# Help with water spray timer Please



## Aquayne (Sep 1, 2008)

I need a timer that will activate a water valve connected to a garden hose for 10seconds once per hour. It needs to have a light sensor so that it will only operate during the daylight hours and turn off in the dark. Thanks.

I have looked at many lawn sprinkler timers but have not found one that will do the 10 seconds every hour. Most will only do once cyle per day for a minimum of 1 minute. Way too long. I want to build an intermittent mist set up to grow a garden of VOODOO bulbs for my haunt.:devil:


----------



## corey872 (Jan 10, 2010)

Sounds like you'd be looking for an 'interval timer with relay' (google) You should be able to find one with a suitable interval (ie one second to at least one hour).

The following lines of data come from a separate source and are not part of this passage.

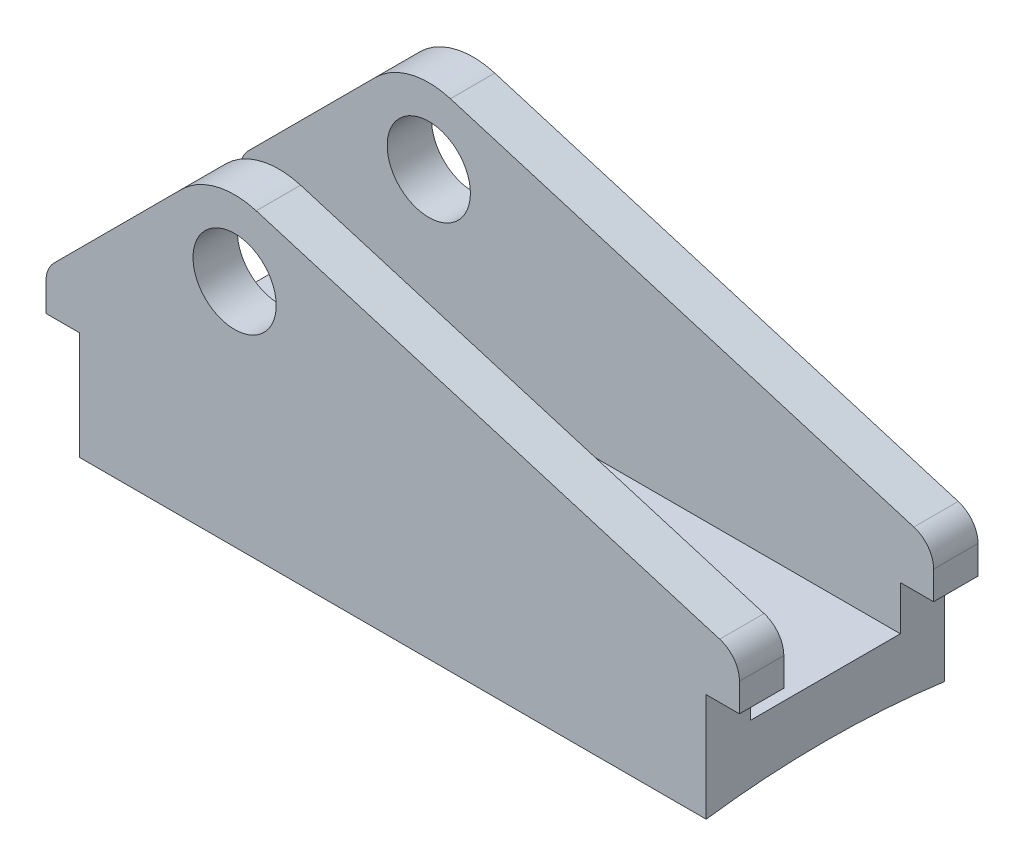
ISO-10303-21;
HEADER;
FILE_DESCRIPTION(('STEP AP214'),'2;1');
FILE_NAME('part.step','',(''),(''),'','','');
FILE_SCHEMA(('AUTOMOTIVE_DESIGN { 1 0 10303 214 1 1 1 1 }'));
ENDSEC;
DATA;
#1=APPLICATION_CONTEXT('core data for automotive mechanical design processes');
#2=APPLICATION_PROTOCOL_DEFINITION('international standard','automotive_design',2000,#1);
#3=PRODUCT_CONTEXT('',#1,'mechanical');
#4=PRODUCT('Part','Part','',(#3));
#5=PRODUCT_RELATED_PRODUCT_CATEGORY('part','',(#4));
#6=PRODUCT_DEFINITION_FORMATION('','',#4);
#7=PRODUCT_DEFINITION_CONTEXT('part definition',#1,'design');
#8=PRODUCT_DEFINITION('design','',#6,#7);
#9=PRODUCT_DEFINITION_SHAPE('','',#8);
#10=(LENGTH_UNIT() NAMED_UNIT(*) SI_UNIT(.MILLI.,.METRE.));
#11=(NAMED_UNIT(*) PLANE_ANGLE_UNIT() SI_UNIT($,.RADIAN.));
#12=(NAMED_UNIT(*) SI_UNIT($,.STERADIAN.) SOLID_ANGLE_UNIT());
#13=UNCERTAINTY_MEASURE_WITH_UNIT(LENGTH_MEASURE(1.E-05),#10,'distance_accuracy_value','');
#14=(GEOMETRIC_REPRESENTATION_CONTEXT(3) GLOBAL_UNCERTAINTY_ASSIGNED_CONTEXT((#13)) GLOBAL_UNIT_ASSIGNED_CONTEXT((#10,
#11,#12)) REPRESENTATION_CONTEXT('',''));
#15=CARTESIAN_POINT('',(0.,0.,0.));
#16=DIRECTION('',(0.,0.,1.));
#17=DIRECTION('',(1.,0.,0.));
#18=AXIS2_PLACEMENT_3D('',#15,#16,#17);
#19=CARTESIAN_POINT('',(56.5,10.,21.5));
#20=DIRECTION('',(-1.,0.,0.));
#21=DIRECTION('',(0.,0.,1.));
#22=AXIS2_PLACEMENT_3D('',#19,#20,#21);
#23=PLANE('',#22);
#24=CARTESIAN_POINT('',(56.5,-160.,0.));
#25=DIRECTION('',(1.,0.,0.));
#26=DIRECTION('',(0.,0.,-1.));
#27=AXIS2_PLACEMENT_3D('',#24,#25,#26);
#28=CIRCLE('',#27,160.);
#29=CARTESIAN_POINT('',(56.5,-1.45111164060469,-21.5));
#30=VERTEX_POINT('',#29);
#31=CARTESIAN_POINT('',(56.5,-1.45111164060469,21.5));
#32=VERTEX_POINT('',#31);
#33=EDGE_CURVE('E54',#30,#32,#28,.T.);
#34=ORIENTED_EDGE('',*,*,#33,.F.);
#35=DIRECTION('',(0.,-1.,0.));
#36=VECTOR('',#35,1.);
#37=CARTESIAN_POINT('',(56.5,10.,-21.5));
#38=LINE('',#37,#36);
#39=CARTESIAN_POINT('',(56.5,18.,-21.5));
#40=VERTEX_POINT('',#39);
#41=EDGE_CURVE('E209',#40,#30,#38,.T.);
#42=ORIENTED_EDGE('',*,*,#41,.F.);
#43=DIRECTION('',(0.,0.,-1.));
#44=VECTOR('',#43,1.);
#45=CARTESIAN_POINT('',(56.5,18.,-13.5));
#46=LINE('',#45,#44);
#47=CARTESIAN_POINT('',(56.5,18.,-13.5));
#48=VERTEX_POINT('',#47);
#49=EDGE_CURVE('E319',#48,#40,#46,.T.);
#50=ORIENTED_EDGE('',*,*,#49,.F.);
#51=DIRECTION('',(0.,1.,0.));
#52=VECTOR('',#51,1.);
#53=CARTESIAN_POINT('',(56.5,0.,-13.5));
#54=LINE('',#53,#52);
#55=CARTESIAN_POINT('',(56.5,10.,-13.5));
#56=VERTEX_POINT('',#55);
#57=EDGE_CURVE('E353',#56,#48,#54,.T.);
#58=ORIENTED_EDGE('',*,*,#57,.F.);
#59=DIRECTION('',(0.,0.,-1.));
#60=VECTOR('',#59,1.);
#61=CARTESIAN_POINT('',(56.5,10.,21.5));
#62=LINE('',#61,#60);
#63=CARTESIAN_POINT('',(56.5,10.,13.5));
#64=VERTEX_POINT('',#63);
#65=EDGE_CURVE('E232',#64,#56,#62,.T.);
#66=ORIENTED_EDGE('',*,*,#65,.F.);
#67=DIRECTION('',(0.,1.,0.));
#68=VECTOR('',#67,1.);
#69=CARTESIAN_POINT('',(56.5,0.,13.5));
#70=LINE('',#69,#68);
#71=CARTESIAN_POINT('',(56.5,18.,13.5));
#72=VERTEX_POINT('',#71);
#73=EDGE_CURVE('E256',#64,#72,#70,.T.);
#74=ORIENTED_EDGE('',*,*,#73,.T.);
#75=DIRECTION('',(0.,0.,1.));
#76=VECTOR('',#75,1.);
#77=CARTESIAN_POINT('',(56.5,18.,13.5));
#78=LINE('',#77,#76);
#79=CARTESIAN_POINT('',(56.5,18.,21.5));
#80=VERTEX_POINT('',#79);
#81=EDGE_CURVE('E231',#72,#80,#78,.T.);
#82=ORIENTED_EDGE('',*,*,#81,.T.);
#83=DIRECTION('',(0.,-1.,0.));
#84=VECTOR('',#83,1.);
#85=CARTESIAN_POINT('',(56.5,10.,21.5));
#86=LINE('',#85,#84);
#87=EDGE_CURVE('E213',#80,#32,#86,.T.);
#88=ORIENTED_EDGE('',*,*,#87,.T.);
#89=EDGE_LOOP('',(#34,#42,#50,#58,#66,#74,#82,#88));
#90=FACE_BOUND('',#89,.T.);
#91=ADVANCED_FACE('F41',(#90),#23,.F.);
#92=CARTESIAN_POINT('',(0.,10.,0.));
#93=DIRECTION('',(0.,-1.,0.));
#94=DIRECTION('',(0.,0.,-1.));
#95=AXIS2_PLACEMENT_3D('',#92,#93,#94);
#96=PLANE('',#95);
#97=DIRECTION('',(1.,0.,0.));
#98=VECTOR('',#97,1.);
#99=CARTESIAN_POINT('',(0.,10.,-13.5));
#100=LINE('',#99,#98);
#101=CARTESIAN_POINT('',(-56.5,10.,-13.5));
#102=VERTEX_POINT('',#101);
#103=EDGE_CURVE('E65',#102,#56,#100,.T.);
#104=ORIENTED_EDGE('',*,*,#103,.F.);
#105=DIRECTION('',(0.,0.,1.));
#106=VECTOR('',#105,1.);
#107=CARTESIAN_POINT('',(-56.5,10.,21.5));
#108=LINE('',#107,#106);
#109=CARTESIAN_POINT('',(-56.5,10.,13.5));
#110=VERTEX_POINT('',#109);
#111=EDGE_CURVE('E227',#102,#110,#108,.T.);
#112=ORIENTED_EDGE('',*,*,#111,.T.);
#113=DIRECTION('',(-1.,0.,0.));
#114=VECTOR('',#113,1.);
#115=CARTESIAN_POINT('',(0.,10.,13.5));
#116=LINE('',#115,#114);
#117=EDGE_CURVE('E48',#64,#110,#116,.T.);
#118=ORIENTED_EDGE('',*,*,#117,.F.);
#119=ORIENTED_EDGE('',*,*,#65,.T.);
#120=EDGE_LOOP('',(#104,#112,#118,#119));
#121=FACE_BOUND('',#120,.T.);
#122=ADVANCED_FACE('F415',(#121),#96,.F.);
#123=CARTESIAN_POINT('',(-56.5,10.,-21.5));
#124=DIRECTION('',(0.,0.,1.));
#125=DIRECTION('',(1.,0.,0.));
#126=AXIS2_PLACEMENT_3D('',#123,#124,#125);
#127=PLANE('',#126);
#128=ORIENTED_EDGE('',*,*,#41,.T.);
#129=DIRECTION('',(1.,0.,0.));
#130=VECTOR('',#129,1.);
#131=CARTESIAN_POINT('',(-62.5,-1.45111164060469,-21.5));
#132=LINE('',#131,#130);
#133=CARTESIAN_POINT('',(-56.5,-1.45111164060469,-21.5));
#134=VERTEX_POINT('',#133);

If you coupled that with a dusk/dawn switch, that should get you the operation you need.


----------



## fritz42_male (May 5, 2009)

If you fancy getting into picaxe stuff, Steve/halstaff has recently built a pir activated controller based on my vlc board. Replace the pir with an ldr and a small code change and you would be done


----------



## hpropman (Jul 27, 2008)

Fritz you beat me too it. With a microcontroller and time combination that you want can be easily programmed into the chip. The Picaxe is very easy to use and get started with. These things can take your projects in direction you would never have though of before.


----------



## fritz42_male (May 5, 2009)

The answer is PICAXE - now it's just a matter of asking the question!

lol


----------